Gophers are making their presence known in yards  across the city, and the destruction is evident in mounds of dirt piled in lawns and gardens.

According to  Rilo Phillipi, a licensed pest control agent, gophers retreat during cold  weather and rain. “They will hunker down in a burrow, which is full of roots and safe from water so they won’t get flooded out. Gophers have high hemoglobin and use oxygen well, but like the famous incident of the boys trapped in the cave in Thailand, they become less active as oxygen is depleted.”

As the ground dries out they open up their tunnel systems and become more active.
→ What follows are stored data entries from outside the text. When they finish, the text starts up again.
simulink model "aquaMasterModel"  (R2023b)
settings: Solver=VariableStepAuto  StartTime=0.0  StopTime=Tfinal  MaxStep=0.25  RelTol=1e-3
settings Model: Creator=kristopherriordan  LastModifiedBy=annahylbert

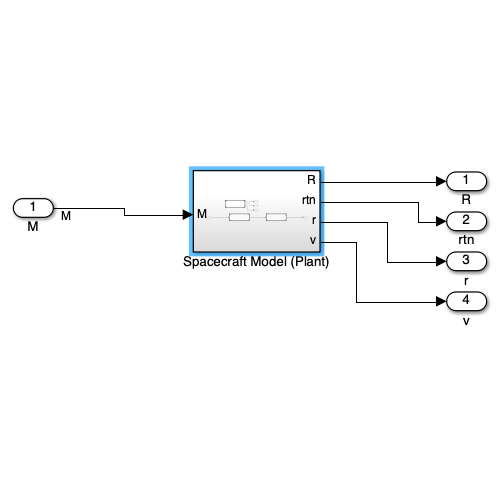
[thumbnail: Simulink's stored preview of the top-level diagram]
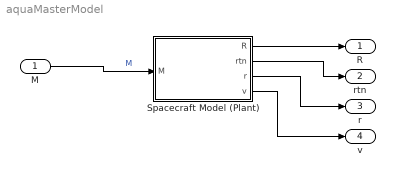
== system aquaMasterModel ==
  M : Inport
  Spacecraft Model (Plant) : Subsystem
  R : Outport
  rtn : Outport  Port=2
  r : Outport  Port=3
  v : Outport  Port=4
  wires:
  M/1 -> Spacecraft Model (Plant)/1(M)  "M"
  Spacecraft Model (Plant)/1(R) -> R/1
  Spacecraft Model (Plant)/2(rtn) -> rtn/1
  Spacecraft Model (Plant)/3(r) -> r/1
  Spacecraft Model (Plant)/4(v) -> v/1

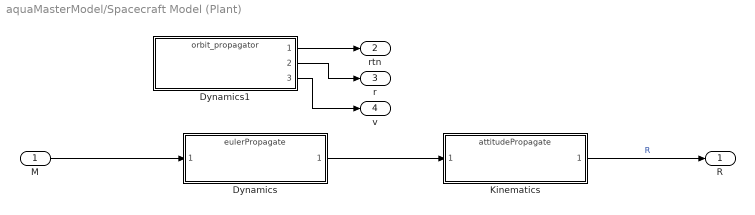
== system aquaMasterModel/Spacecraft Model (Plant) ==
  M : Inport
  Dynamics : ModelReference  ModelNameDialog=eulerPropagate.slx  SimulationMode=Normal  ModelReferenceVersion=1.30
  Dynamics1 : ModelReference  ModelNameDialog=orbit_propagator.slx  SimulationMode=Normal  ModelReferenceVersion=1.12
  Kinematics : ModelReference  ModelNameDialog=attitudePropagate.slx  SimulationMode=Normal  ModelReferenceVersion=1.19
  R : Outport
  rtn : Outport  Port=2
  r : Outport  Port=3
  v : Outport  Port=4
  wires:
  Kinematics/1 -> R/1  "R"
  Dynamics/1 -> Kinematics/1
  M/1 -> Dynamics/1
  Dynamics1/1 -> rtn/1
  Dynamics1/2 -> r/1
  Dynamics1/3 -> v/1
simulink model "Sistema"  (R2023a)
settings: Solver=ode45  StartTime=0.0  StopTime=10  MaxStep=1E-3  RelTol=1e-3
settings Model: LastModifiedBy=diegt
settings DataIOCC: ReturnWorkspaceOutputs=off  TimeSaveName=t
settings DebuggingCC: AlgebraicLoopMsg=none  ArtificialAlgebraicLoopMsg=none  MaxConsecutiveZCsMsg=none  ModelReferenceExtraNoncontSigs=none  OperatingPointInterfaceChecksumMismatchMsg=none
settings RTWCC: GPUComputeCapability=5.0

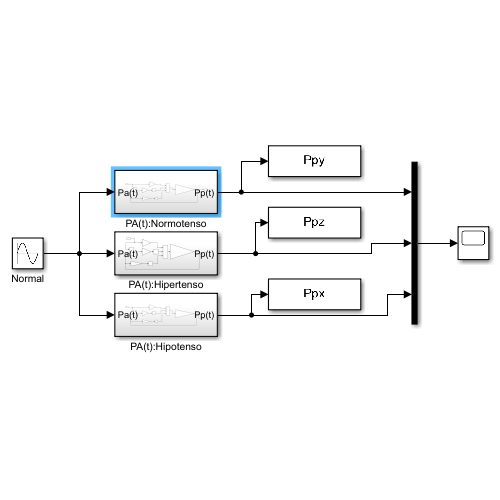
[thumbnail: Simulink's stored preview of the top-level diagram]
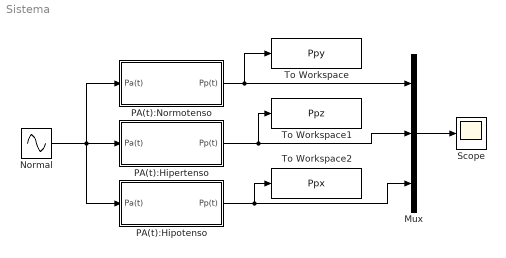
== system Sistema ==
  Mux : Mux  Inputs=3
  Normal : Sin  Bias=0.8  Frequency=((2*pi)*(95/60))
  PA(t):Hipertenso : Subsystem
  PA(t):Hipotenso : Subsystem
  PA(t):Normotenso : Subsystem
  Scope : Scope
  To Workspace : ToWorkspace  VariableName=Ppy  SampleTime=-1
  To Workspace1 : ToWorkspace  VariableName=Ppz  SampleTime=-1
  To Workspace2 : ToWorkspace  VariableName=Ppx  SampleTime=-1
  wires:
  Mux/1 -> Scope/1
  Normal/1 -> PA(t):Hipotenso/1(Pa(t)), PA(t):Hipertenso/1(Pa(t)), PA(t):Normotenso/1(Pa(t))
  PA(t):Normotenso/1(Pp(t)) -> Mux/1, To Workspace/1
  PA(t):Hipotenso/1(Pp(t)) -> To Workspace2/1, Mux/3
  PA(t):Hipertenso/1(Pp(t)) -> To Workspace1/1, Mux/2

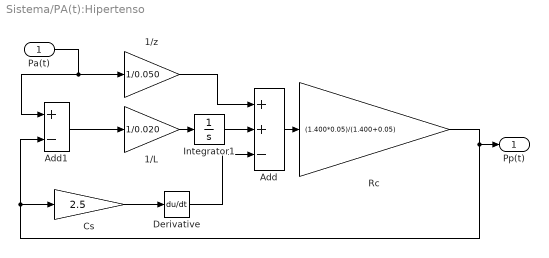
== system Sistema/PA(t):Hipertenso ==
  Pa(t) : Inport
  1/L : Gain  Gain=1/0.020
  1/z : Gain  Gain=1/0.050
  Add : Sum  Inputs=++-
  Add1 : Sum  Inputs=+-
  Cs : Gain  Gain=2.5
  Derivative : Derivative
  Integrator1 : Integrator
  Rc : Gain  Gain=(1.400*0.05)/(1.400+0.05)
  Pp(t) : Outport
  wires:
  Pa(t)/1 -> Add1/1, 1/z/1
  1/z/1 -> Add/1
  Add/1 -> Rc/1
  Add1/1 -> 1/L/1
  Rc/1 -> Pp(t)/1, Cs/1, Add1/2
  Cs/1 -> Derivative/1
  Integrator1/1 -> Add/2
  1/L/1 -> Integrator1/1
  Derivative/1 -> Add/3

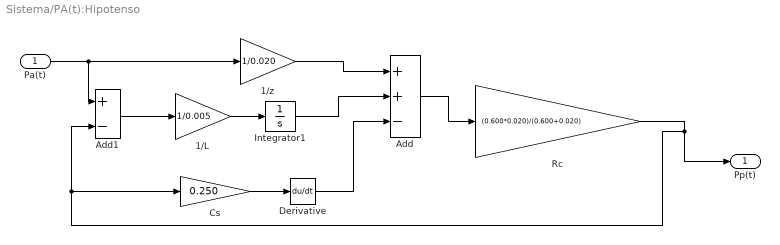
== system Sistema/PA(t):Hipotenso ==
  Pa(t) : Inport
  1/L : Gain  Gain=1/0.005
  1/z : Gain  Gain=1/0.020
  Add : Sum  Inputs=++-
  Add1 : Sum  Inputs=+-
  Cs : Gain  Gain=0.250
  Derivative : Derivative
  Integrator1 : Integrator
  Rc : Gain  Gain=(0.600*0.020)/(0.600+0.020)
  Pp(t) : Outport
  wires:
  Pa(t)/1 -> Add1/1, 1/z/1
  1/z/1 -> Add/1
  Add1/1 -> 1/L/1
  Rc/1 -> Cs/1, Add1/2, Pp(t)/1
  Cs/1 -> Derivative/1
  Integrator1/1 -> Add/2
  1/L/1 -> Integrator1/1
  Derivative/1 -> Add/3
  Add/1 -> Rc/1

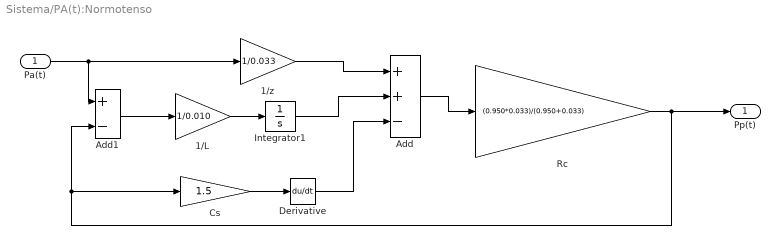
== system Sistema/PA(t):Normotenso ==
  Pa(t) : Inport
  1/L : Gain  Gain=1/0.010
  1/z : Gain  Gain=1/0.033
  Add : Sum  Inputs=++-
  Add1 : Sum  Inputs=+-
  Cs : Gain  Gain=1.5
  Derivative : Derivative
  Integrator1 : Integrator
  Rc : Gain  Gain=(0.950*0.033)/(0.950+0.033)
  Pp(t) : Outport
  wires:
  Pa(t)/1 -> Add1/1, 1/z/1
  1/z/1 -> Add/1
  Add/1 -> Rc/1
  Add1/1 -> 1/L/1
  Rc/1 -> Pp(t)/1, Cs/1, Add1/2
  Cs/1 -> Derivative/1
  Integrator1/1 -> Add/2
  1/L/1 -> Integrator1/1
  Derivative/1 -> Add/3
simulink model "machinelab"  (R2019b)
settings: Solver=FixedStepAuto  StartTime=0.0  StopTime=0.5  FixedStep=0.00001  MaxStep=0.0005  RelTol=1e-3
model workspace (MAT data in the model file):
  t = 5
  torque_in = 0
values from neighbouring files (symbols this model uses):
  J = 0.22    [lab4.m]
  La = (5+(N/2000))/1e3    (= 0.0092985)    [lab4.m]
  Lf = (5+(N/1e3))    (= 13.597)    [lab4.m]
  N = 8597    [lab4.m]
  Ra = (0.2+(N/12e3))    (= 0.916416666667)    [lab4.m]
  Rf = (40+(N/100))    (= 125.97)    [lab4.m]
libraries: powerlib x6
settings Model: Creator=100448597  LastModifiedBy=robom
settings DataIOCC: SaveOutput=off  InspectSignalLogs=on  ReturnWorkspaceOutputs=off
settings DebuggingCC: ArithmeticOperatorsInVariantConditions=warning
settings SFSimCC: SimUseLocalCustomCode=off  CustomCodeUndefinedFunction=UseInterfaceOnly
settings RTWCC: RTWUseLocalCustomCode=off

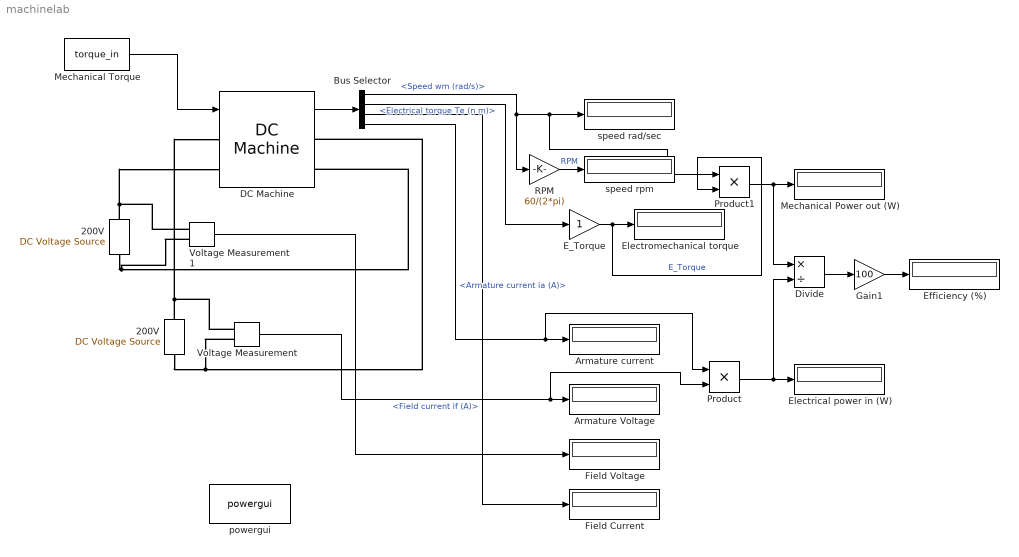
== system machinelab ==
  " 200V" : powerlib/Electrical Sources/DC Voltage Source  Amplitude=200  Measurements=None
      settings: SourceProductName=Simscape Electrical
  200V : powerlib/Electrical Sources/DC Voltage Source  Amplitude=200  Measurements=None
      settings: SourceProductName=Simscape Electrical
  "Armature Voltage " : Display
  "Armature current " : Display
  Bus Selector : BusSelector  OutputSignals=Speed wm (rad/s),Electrical torque Te (n m),Field current if (A),Armature current ia (A)
  DC Machine : powerlib/Machines/DC Machine  PresetModel=No  MechanicalLoad=Torque TL  FieldType=Wound  ShowDetailedParameters=on  MeasurementBus=off  RLa="[ Ra  La]"  RLf="[ Rf  Lf]"  Laf=Laf  MachineConstant=Torque constant (N.m/A)  Ke=1.8  Kt=1.8  J=J  Bm=B  Tf=Tf  w0=0  Ifinit=0  TsPowergui=0  TsBlock=-1
      settings: SourceProductName=Simscape Electrical
  Divide : Product  Inputs=*/
  E_Torque : Gain
  Efficiency (%) : Display
  Electrical power in (W) : Display
  Electromechanical torque : Display
  Field Current : Display
  Field Voltage : Display
  Gain1 : Gain  Gain=100
  Mechanical Power out (W) : Display
  Mechanical Torque : Constant  Value=torque_in
  Product : Product
  Product1 : Product
  RPM : Gain  Gain=60/(2*pi)
  Voltage Measurement : powerlib/Measurements/Voltage Measurement  PhasorSimulation=off  OutputType=Complex  PSBequivalent=0
      settings: SourceProductName=Simscape Electrical
  Voltage Measurement1 : powerlib/Measurements/Voltage Measurement  PhasorSimulation=off  OutputType=Complex  PSBequivalent=0
      settings: SourceProductName=Simscape Electrical
  powergui : powerlib/powergui  Priority=1  SimulationMode=Continuous  SampleTime=50e-6  frequency=60  Iterations=50  frequencyindice=0  Pbase=100e6  ErrMax=1e-4  UnitsV=kV  UnitsW=MW  buscounter=0  FunctionMessages=off  echomessages=off  EnableUseOfTLC=off  CurrentSourceSwitches=off  DisableSnubberDevices=off  DisableRonSwitches=off  DisableVfSwitches=off  DisplayEquations=off  AutomaticDiscreteSolvers=off  SolverType=Tustin/Backward Euler (TBE)  Interpol=off  ExternalGateDelay=off  methode=off  Ts=100  x0status=blocks  SPID=off  SwTol=0  HookPort=off  NonlinearTolerance=1e-4  nMaxIteration=100  ContinueOnMaxIteration=off  RestoreLinks=warning  ResistiveCurrentMeasurement=off  Frange=[0:2:500]  Ylog=off  Xlog=on  ShowGrid=off  save=off  variable=ZData  structure=0  ZoomFFT=off  StartTime=0.0  cycles=1  DisplayStyle=1  fundamental=60  FreqAxis=off  MaxFrequency=1000  frequencyindicesteady=1  RmsSteady=1  display=off
      settings: SourceProductName=Simscape Electrical
  speed rad/sec : Display
  "speed rpm " : Display
  wires:
  DC Machine/1 -> Bus Selector/1
  Bus Selector/2 -> E_Torque/1  "<Electrical torque Te (n m)>"
  Bus Selector/1 -> RPM/1, Product1/1, speed rad/sec/1  "<Speed wm (rad/s)>"
  Bus Selector/3 -> Field Current/1  "<Field current if (A)>"
  Bus Selector/4 -> Product/1, "Armature current "/1  "<Armature current ia (A)>"
  Voltage Measurement/1 -> Product/2, "Armature Voltage "/1
  Voltage Measurement1/1 -> Field Voltage/1
  Product/1 -> Divide/2, Electrical power in (W)/1
  Product1/1 -> Divide/1, Mechanical Power out (W)/1
  Divide/1 -> Gain1/1
  Gain1/1 -> Efficiency (%)/1
  Mechanical Torque/1 -> DC Machine/1
  RPM/1 -> "speed rpm "/1  "RPM"
  E_Torque/1 -> Product1/2, Electromechanical torque/1  "E_Torque"
  connections:
  " 200V"/LConn1 -- Voltage Measurement1/LConn2 -- DC Machine/RConn2
  200V/LConn1 -- Voltage Measurement/LConn2 -- DC Machine/RConn1
  200V/RConn1 -- DC Machine/LConn1 -- Voltage Measurement/LConn1
  " 200V"/RConn1 -- Voltage Measurement1/LConn1 -- DC Machine/LConn2

Phillipi says that most home remedies don’t work to kill gophers. Smoke bombs you get on the internet don’t kill. “Smoking them out doesn’t work. The companies that use smoke  use little motors with 25,000 parts per million of carbon monoxide. It’s not enough – you need a million parts per million, so tunnels are actually being inundated with non-lethal gas. It stinks and is hot but it doesn’t kill them on contact. They just block the tunnels and retreat to another area.”

That’s why even after smoke treatment you will continue to see mounds pop up all over different parts of your lawn, destroying it and frustrating the homeowners.

The Department of Pesticide Regulation is strenuous on enforcing the use of pesticide and poison,  illegal to use in urban areas, though agricultural zones can use it.

The poison used to kill gophers is aluminum phosphate. It makes a gas gophers suck in and die. However, it’s so lethal it has killed people, and now in urban areas almost all poison users have to be registered.

Phllipi says the best way to get rid of your gopher problem is trapping. “Lethal traps kill,” he says. 

The hardest part is finding the tunnels. “The holes you see don’t necessarily indicate an  active gopher,” he explained. They also may not lead to their tunnels.  The mounds are more indicative.  If you have fresh mounds every two days, you’ll know you have a problem.

Phillipi uses a special probe to find the tunnels – which is the only way to find the offending gopher. He then drops a trap into the tunnel and marks it with a flag.

“Our success rate is 100%,” he said, citing 30,000 gopher jobs over 10 years. A yard will be cleaned in a week or two.

Phillipi guarantees his work for three months, and will return weekly to check the traps and remove any dead animals. 

For those homeowners who wake up to mounds of dirt on their lawn he says, “Gophers work in the dark so they’re always in migration. So you may not see a ‘phantom gopher’ but you’ll see his destructive efforts.”